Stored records
[Start of section]

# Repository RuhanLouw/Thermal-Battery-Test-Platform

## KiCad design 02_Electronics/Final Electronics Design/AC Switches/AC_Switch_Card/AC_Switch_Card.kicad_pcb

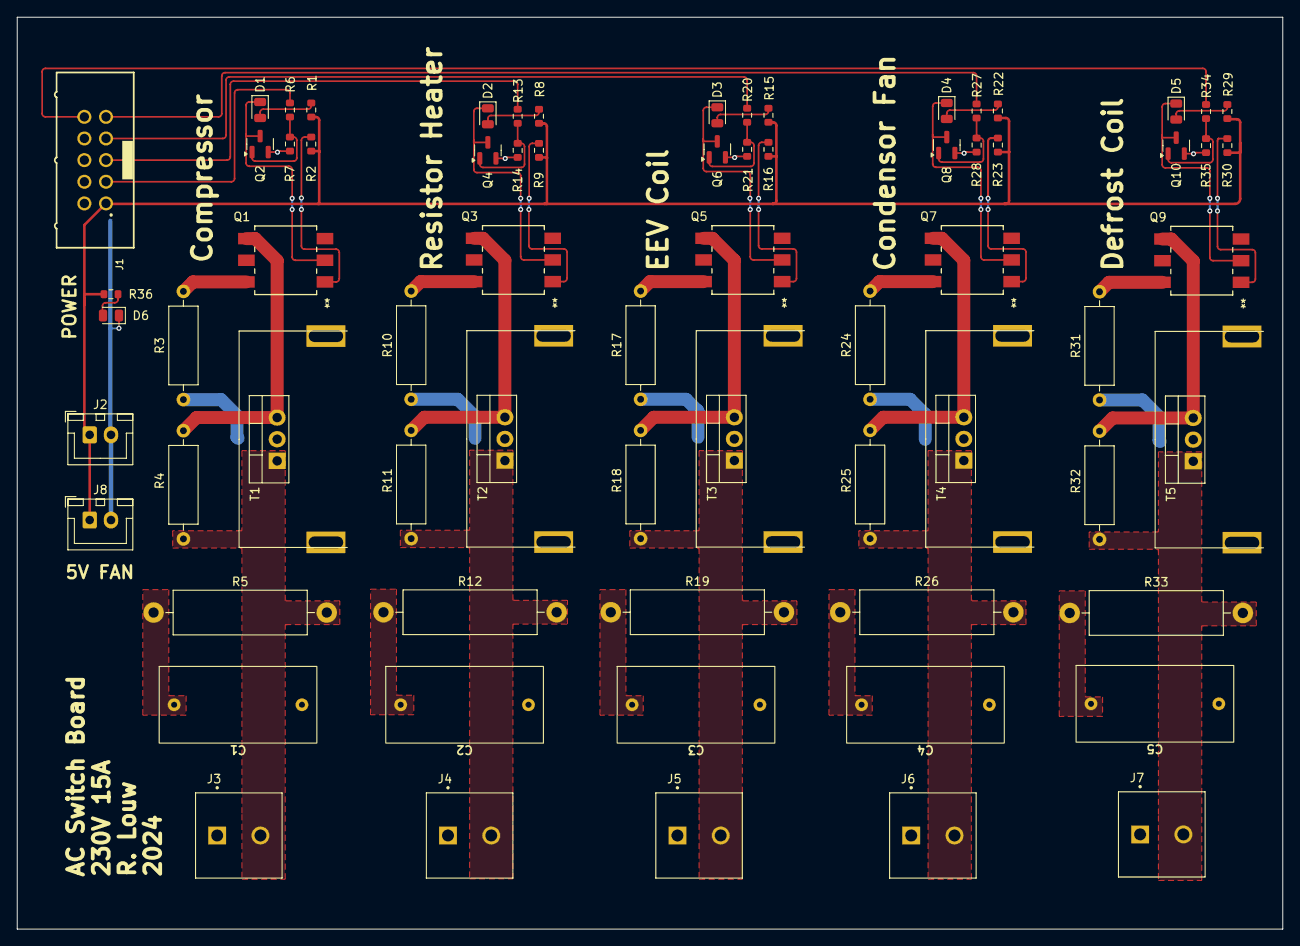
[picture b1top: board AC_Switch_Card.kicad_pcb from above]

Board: 2 copper layers, 148.5 x 107.0 mm, 70 parts (0 on the bottom side), 53 nets.

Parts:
C1, C2, C3, C4, C5: 0.22u; CAP FILM 0.22UF 10 800VDC RAD
D1, D2, D3, D4, D5, D6: LED RED CLEAR 0805 SMD; LED_0805_2012Metric
J1: Control IN; 61201021621
J2, J8: Fan; JST_XH_B2B-XH-A_1x02_P2.50mm_Vertical
J3, J4, J5, J6, J7: Screw_Terminal_01x02; TE_282857-2_screw
Q1, Q3, Q5, Q7, Q9: MOC3063S-TA1; MOC306XS_LTO
Q2, Q4, Q6, Q8, Q10: BSS138L; SOT-23
R1, R8, R15, R22, R29, R36: 145; R_0603_1608Metric
R2, R9, R16, R23, R30: 182; R_0603_1608Metric
R3, R10, R17, R24, R31: 100; R_Axial_DIN0309_L9.0mm_D3.2mm_P12.70mm_Horizontal
R4, R11, R18, R25, R32: 390; R_Axial_DIN0309_L9.0mm_D3.2mm_P12.70mm_Horizontal
R5, R12, R19, R26, R33: 51; R_Axial_DIN0516_L15.5mm_D5.0mm_P20.32mm_Horizontal
R6, R13, R20, R27, R34: 300; R_0603_1608Metric
R7, R14, R21, R28, R35: 10k; R_0603_1608Metric
T1, T2, T3, T4, T5: BT138-800E,127; HSS-B20-NPR-02 heatsink

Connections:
5V_{DD}: J1.1, J2.1, J8.1, R1.2, R2.1, R8.2, R9.1, R15.2, R16.1, R22.2, R23.1, R29.2, R30.1, R36.2
/AC_SWITCH1/230VAC: C2.2, J4.1, R10.1, T2.2
/AC_SWITCH1/LOAD: J4.2, R11.2, R12.2, T2.1
/AC_SWITCH2/230VAC: C3.2, J5.1, R17.1, T3.2
/AC_SWITCH2/LOAD: J5.2, R18.2, R19.2, T3.1
/AC_SWITCH3/230VAC: C4.2, J6.1, R24.1, T4.2
/AC_SWITCH3/LOAD: J6.2, R25.2, R26.2, T4.1
/AC_SWITCH4/230VAC: C5.2, J7.1, R31.1, T5.2
/AC_SWITCH4/LOAD: J7.2, R32.2, R33.2, T5.1
/AC_SWITCH/230VAC: C1.2, J3.1, R3.1, T1.2
/AC_SWITCH/LOAD: J3.2, R4.2, R5.2, T1.1
AC COMP ENABLE: J1.3, R6.1
AC DEFROST ENABLE: J1.10, R34.1
AC EEV COIL ENABLE: J1.7, R20.1
AC FAN ENABLE: J1.9, R27.1
AC HEATER RESISTOR ENABLE: J1.5, R13.1
GND_{DD}: D6.1 (K), J1.2, J2.2, J8.2, Q2.2 (S), Q4.2 (S), Q6.2 (S), Q8.2 (S), Q10.2 (S), R7.2, R14.2, R21.2, R28.2, R35.2
unnamed: C1.1, R5.1
unnamed: C2.1, R12.1
unnamed: C3.1, R19.1
unnamed: C4.1, R26.1
unnamed: C5.1, R33.1
unnamed: D1.2 (A), R1.1
unnamed: D1.1 (K), Q1.2, Q2.3 (D)
unnamed: D2.2 (A), R8.1
unnamed: D2.1 (K), Q3.2, Q4.3 (D)
unnamed: D3.2 (A), R15.1
unnamed: D3.1 (K), Q5.2, Q6.3 (D)
unnamed: D4.2 (A), R22.1
unnamed: D4.1 (K), Q7.2, Q8.3 (D)
unnamed: D5.2 (A), R29.1
unnamed: D5.1 (K), Q9.2, Q10.3 (D)
unnamed: D6.2 (A), R36.1
unnamed: Q1.1, R2.2
unnamed: Q1.4, R4.1, T1.3
unnamed: Q1.6, R3.2
unnamed: Q2.1 (G), R6.2, R7.1
unnamed: Q3.1, R9.2
unnamed: Q3.4, R11.1, T2.3
unnamed: Q3.6, R10.2
unnamed: Q4.1 (G), R13.2, R14.1
unnamed: Q5.1, R16.2
unnamed: Q5.4, R18.1, T3.3
unnamed: Q5.6, R17.2
unnamed: Q6.1 (G), R20.2, R21.1
unnamed: Q7.1, R23.2
unnamed: Q7.4, R25.1, T4.3
unnamed: Q7.6, R24.2
unnamed: Q8.1 (G), R27.2, R28.1
unnamed: Q9.1, R30.2
unnamed: Q9.4, R32.1, T5.3
unnamed: Q9.6, R31.2
unnamed: Q10.1 (G), R34.2, R35.1

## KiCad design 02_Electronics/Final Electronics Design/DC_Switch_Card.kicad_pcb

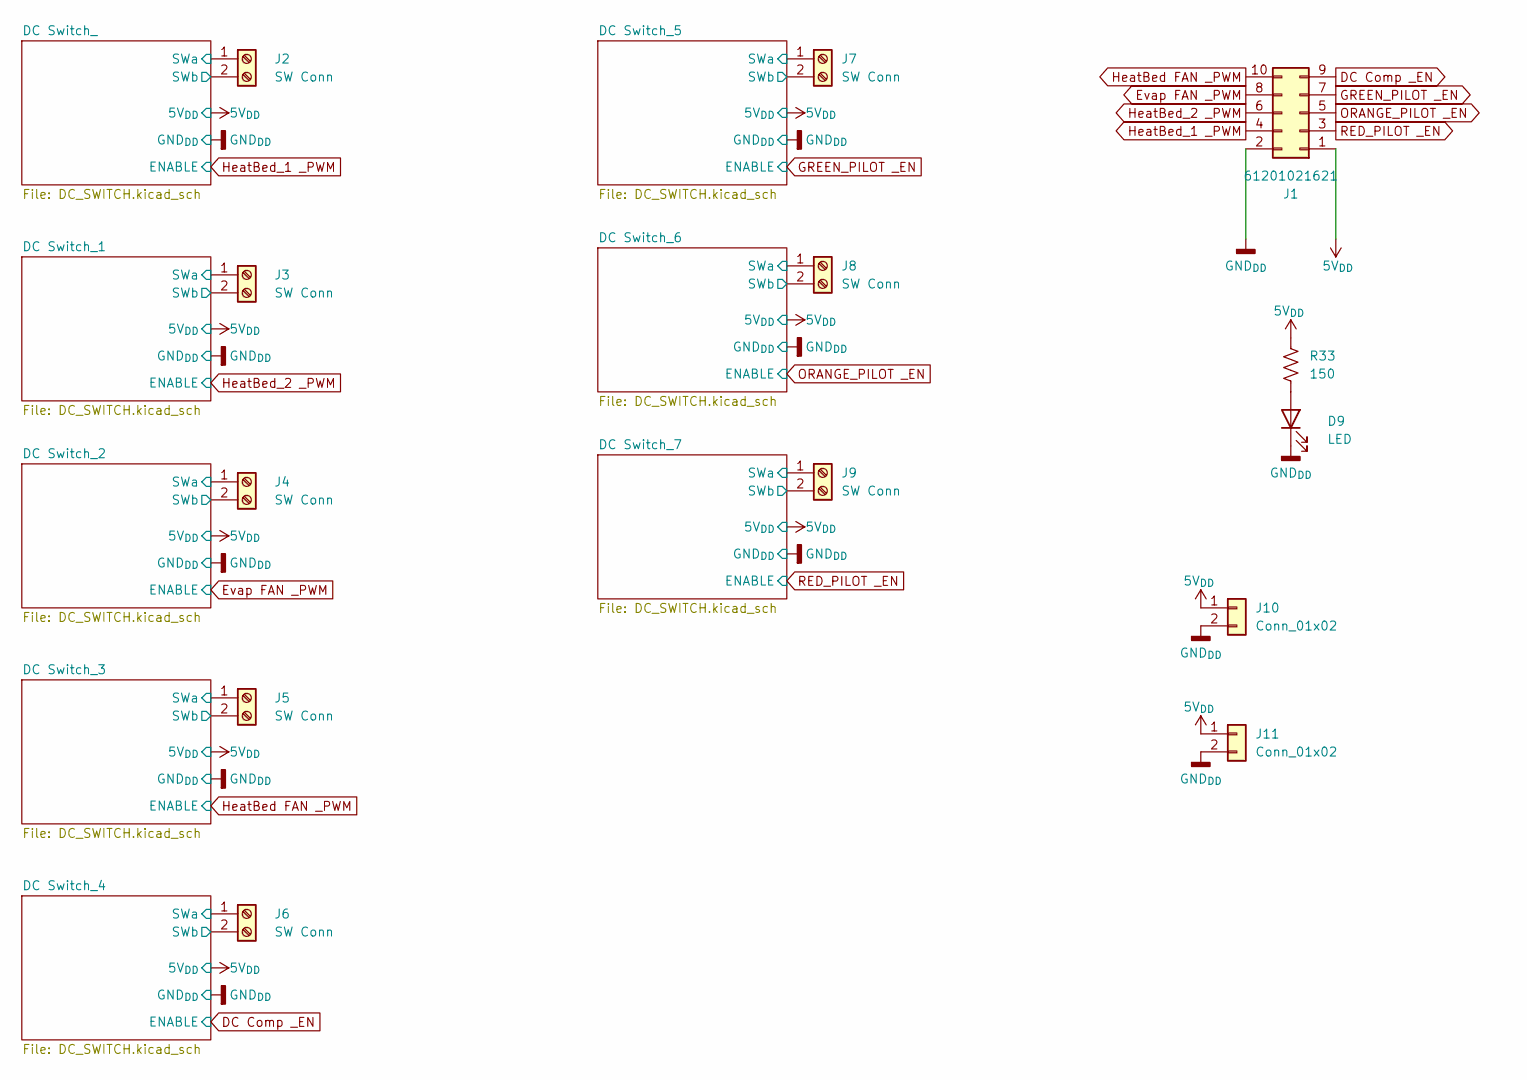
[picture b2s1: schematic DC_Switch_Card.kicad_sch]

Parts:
D9: LED; R_0805_2012Metric
J1: 61201021621
J2, J3, J4, J5, J6, J7, J8, J9: SW Conn; TE_282857-2_screw
J10, J11: Conn_01x02; JST_XH_B2B-XH-A_1x02_P2.50mm_Vertical
R33: 150; R_0603_1608Metric

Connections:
5V_{DD}: J1.1, J10.1, J11.1, R33.2; also elsewhere on the board
/DC Switch_1/SWa: J3.1; also elsewhere on the board
/DC Switch_1/SWb: J3.2; also elsewhere on the board
/DC Switch_2/SWa: J4.1; also elsewhere on the board
/DC Switch_2/SWb: J4.2; also elsewhere on the board
/DC Switch_3/SWa: J5.1; also elsewhere on the board
/DC Switch_3/SWb: J5.2; also elsewhere on the board
/DC Switch_4/SWa: J6.1; also elsewhere on the board
/DC Switch_4/SWb: J6.2; also elsewhere on the board
/DC Switch_5/SWa: J7.1; also elsewhere on the board
/DC Switch_5/SWb: J7.2; also elsewhere on the board
/DC Switch_6/SWa: J8.1; also elsewhere on the board
/DC Switch_6/SWb: J8.2; also elsewhere on the board
/DC Switch_7/SWa: J9.1; also elsewhere on the board
/DC Switch_7/SWb: J9.2; also elsewhere on the board
/DC Switch_/SWa: J2.1; also elsewhere on the board
/DC Switch_/SWb: J2.2; also elsewhere on the board
DC Comp _EN: J1.9; also elsewhere on the board
Evap FAN _PWM: J1.8; also elsewhere on the board
GND_{DD}: D9.1 (K), J1.2, J10.2, J11.2; also elsewhere on the board
GREEN_PILOT _EN: J1.7; also elsewhere on the board
HeatBed FAN _PWM: J1.10; also elsewhere on the board
HeatBed_1 _PWM: J1.4; also elsewhere on the board
HeatBed_2 _PWM: J1.6; also elsewhere on the board
unnamed: D9.2 (A), R33.1
ORANGE_PILOT _EN: J1.5; also elsewhere on the board
RED_PILOT _EN: J1.3; also elsewhere on the board

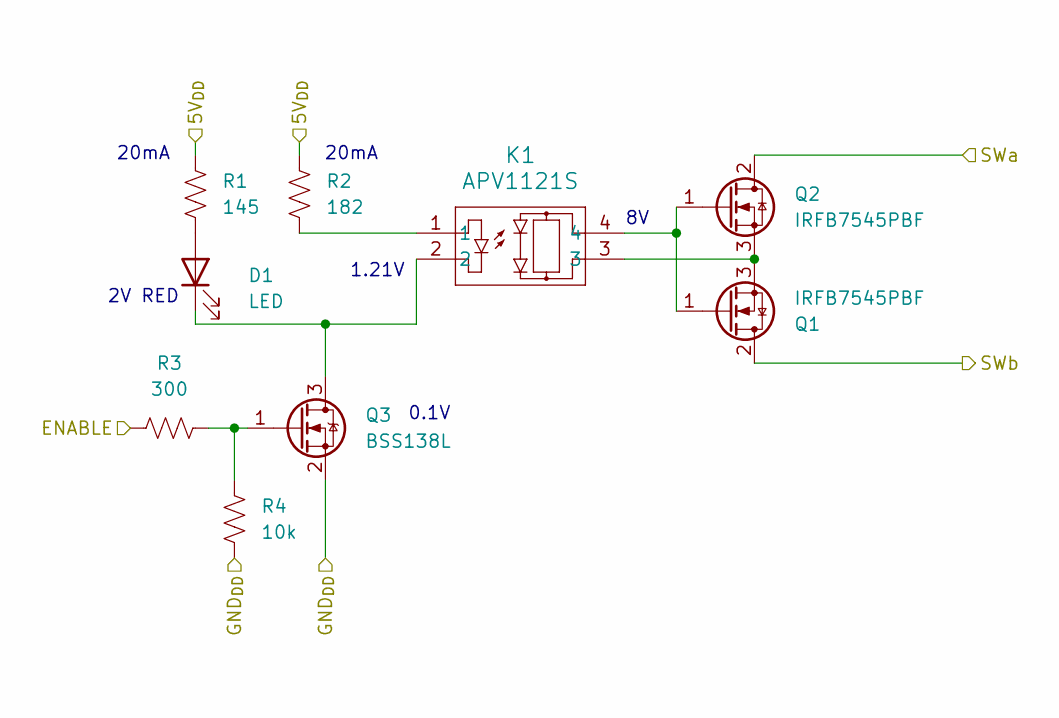
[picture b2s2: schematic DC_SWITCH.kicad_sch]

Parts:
D1: LED; R_0805_2012Metric
K1: APV1121S; SOP4PIN_PAN-M
Q1, Q2: IRFB7545PBF; TO-220-3_Vertical
Q3: BSS138L; SOT-23
R1: 145; R_0603_1608Metric
R2: 182; R_0603_1608Metric
R3: 300; R_0603_1608Metric
R4: 10k; R_0603_1608Metric

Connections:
5V_{DD}: R1.2, R2.1; also elsewhere on the board
/DC Switch_/SWa: Q2.2 (D); also elsewhere on the board
/DC Switch_/SWb: Q1.2 (D); also elsewhere on the board
GND_{DD}: Q3.2 (S), R4.2; also elsewhere on the board
HeatBed_1 _PWM: R3.1; also elsewhere on the board
unnamed: D1.2 (A), R1.1
unnamed: D1.1 (K), K1.2, Q3.3 (D)
unnamed: K1.1, R2.2
unnamed: K1.4, Q1.1 (G), Q2.1 (G)
unnamed: K1.3, Q1.3 (S), Q2.3 (S)
unnamed: Q3.1 (G), R3.2, R4.1

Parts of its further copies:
D2, D3, D4, D5, D6, D7, D8: LED; R_0805_2012Metric
K2, K3, K4, K5, K6, K7, K8: APV1121S; SOP4PIN_PAN-M
Q4, Q5, Q7, Q8, Q10, Q11, Q13, Q14, Q16, Q17, Q19, Q20, Q22, Q23: IRFB7545PBF; TO-220-3_Vertical
Q6, Q9, Q12, Q15, Q18, Q21, Q24: BSS138L; SOT-23
R5, R9, R13, R17, R21, R25, R29: 145; R_0603_1608Metric
R6, R10, R14, R18, R22, R26, R30: 182; R_0603_1608Metric
R7, R11, R15, R19, R23, R27, R31: 300; R_0603_1608Metric
R8, R12, R16, R20, R24, R28, R32: 10k; R_0603_1608Metric

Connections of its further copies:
5V_{DD}: R5.2, R6.1, R9.2, R10.1, R13.2, R14.1, R17.2, R18.1, R21.2, R22.1, R25.2, R26.1, R29.2, R30.1; also elsewhere on the board
/DC Switch_1/SWa: Q5.2 (D); also elsewhere on the board
/DC Switch_1/SWb: Q4.2 (D); also elsewhere on the board
/DC Switch_2/SWa: Q8.2 (D); also elsewhere on the board
/DC Switch_2/SWb: Q7.2 (D); also elsewhere on the board
/DC Switch_3/SWa: Q11.2 (D); also elsewhere on the board
/DC Switch_3/SWb: Q10.2 (D); also elsewhere on the board
/DC Switch_4/SWa: Q14.2 (D); also elsewhere on the board
/DC Switch_4/SWb: Q13.2 (D); also elsewhere on the board
/DC Switch_5/SWa: Q17.2 (D); also elsewhere on the board
/DC Switch_5/SWb: Q16.2 (D); also elsewhere on the board
/DC Switch_6/SWa: Q20.2 (D); also elsewhere on the board
/DC Switch_6/SWb: Q19.2 (D); also elsewhere on the board
/DC Switch_7/SWa: Q23.2 (D); also elsewhere on the board
/DC Switch_7/SWb: Q22.2 (D); also elsewhere on the board
DC Comp _EN: R19.1; also elsewhere on the board
Evap FAN _PWM: R11.1; also elsewhere on the board
GND_{DD}: Q6.2 (S), Q9.2 (S), Q12.2 (S), Q15.2 (S), Q18.2 (S), Q21.2 (S), Q24.2 (S), R8.2, R12.2, R16.2, R20.2, R24.2, R28.2, R32.2; also elsewhere on the board
GREEN_PILOT _EN: R23.1; also elsewhere on the board
HeatBed FAN _PWM: R15.1; also elsewhere on the board
HeatBed_2 _PWM: R7.1; also elsewhere on the board
unnamed: D2.2 (A), R5.1
unnamed: D2.1 (K), K2.2, Q6.3 (D)
unnamed: D3.2 (A), R9.1
unnamed: D3.1 (K), K3.2, Q9.3 (D)
unnamed: D4.2 (A), R13.1
unnamed: D4.1 (K), K4.2, Q12.3 (D)
unnamed: D5.2 (A), R17.1
unnamed: D5.1 (K), K5.2, Q15.3 (D)
unnamed: D6.2 (A), R21.1
unnamed: D6.1 (K), K6.2, Q18.3 (D)
unnamed: D7.2 (A), R25.1
unnamed: D7.1 (K), K7.2, Q21.3 (D)
unnamed: D8.2 (A), R29.1
unnamed: D8.1 (K), K8.2, Q24.3 (D)
unnamed: K2.1, R6.2
unnamed: K3.1, R10.2
unnamed: K4.1, R14.2
unnamed: K5.1, R18.2
unnamed: K6.1, R22.2
unnamed: K7.1, R26.2
unnamed: K8.1, R30.2
unnamed: K2.4, Q4.1 (G), Q5.1 (G)
unnamed: K2.3, Q4.3 (S), Q5.3 (S)
unnamed: Q6.1 (G), R7.2, R8.1
unnamed: K3.4, Q7.1 (G), Q8.1 (G)
unnamed: K3.3, Q7.3 (S), Q8.3 (S)
unnamed: Q9.1 (G), R11.2, R12.1
unnamed: K4.4, Q10.1 (G), Q11.1 (G)
unnamed: K4.3, Q10.3 (S), Q11.3 (S)
unnamed: Q12.1 (G), R15.2, R16.1
unnamed: K5.4, Q13.1 (G), Q14.1 (G)
unnamed: K5.3, Q13.3 (S), Q14.3 (S)
unnamed: Q15.1 (G), R19.2, R20.1
unnamed: K6.4, Q16.1 (G), Q17.1 (G)
unnamed: K6.3, Q16.3 (S), Q17.3 (S)
unnamed: Q18.1 (G), R23.2, R24.1
unnamed: K7.4, Q19.1 (G), Q20.1 (G)
unnamed: K7.3, Q19.3 (S), Q20.3 (S)
unnamed: Q21.1 (G), R27.2, R28.1
unnamed: K8.4, Q22.1 (G), Q23.1 (G)
unnamed: K8.3, Q22.3 (S), Q23.3 (S)
unnamed: Q24.1 (G), R31.2, R32.1
ORANGE_PILOT _EN: R27.1; also elsewhere on the board
RED_PILOT _EN: R31.1; also elsewhere on the board

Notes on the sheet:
0.1V
20mA
1.21V
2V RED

[End of section]

→ **TASK GOAL**:
Taking the lines above, repeat exactly those from the line that contains "Q2, Q4, Q6, Q8, Q10: BSS138L; SOT-23" through the line that contains "R5, R12, R19, R26, R33: 51;", and both of those lines as well. Include nothing else.

→ **YOUR SOLUTION**:
Q2, Q4, Q6, Q8, Q10: BSS138L; SOT-23
R1, R8, R15, R22, R29, R36: 145; R_0603_1608Metric
R2, R9, R16, R23, R30: 182; R_0603_1608Metric
R3, R10, R17, R24, R31: 100; R_Axial_DIN0309_L9.0mm_D3.2mm_P12.70mm_Horizontal
R4, R11, R18, R25, R32: 390; R_Axial_DIN0309_L9.0mm_D3.2mm_P12.70mm_Horizontal
R5, R12, R19, R26, R33: 51; R_Axial_DIN0516_L15.5mm_D5.0mm_P20.32mm_Horizontal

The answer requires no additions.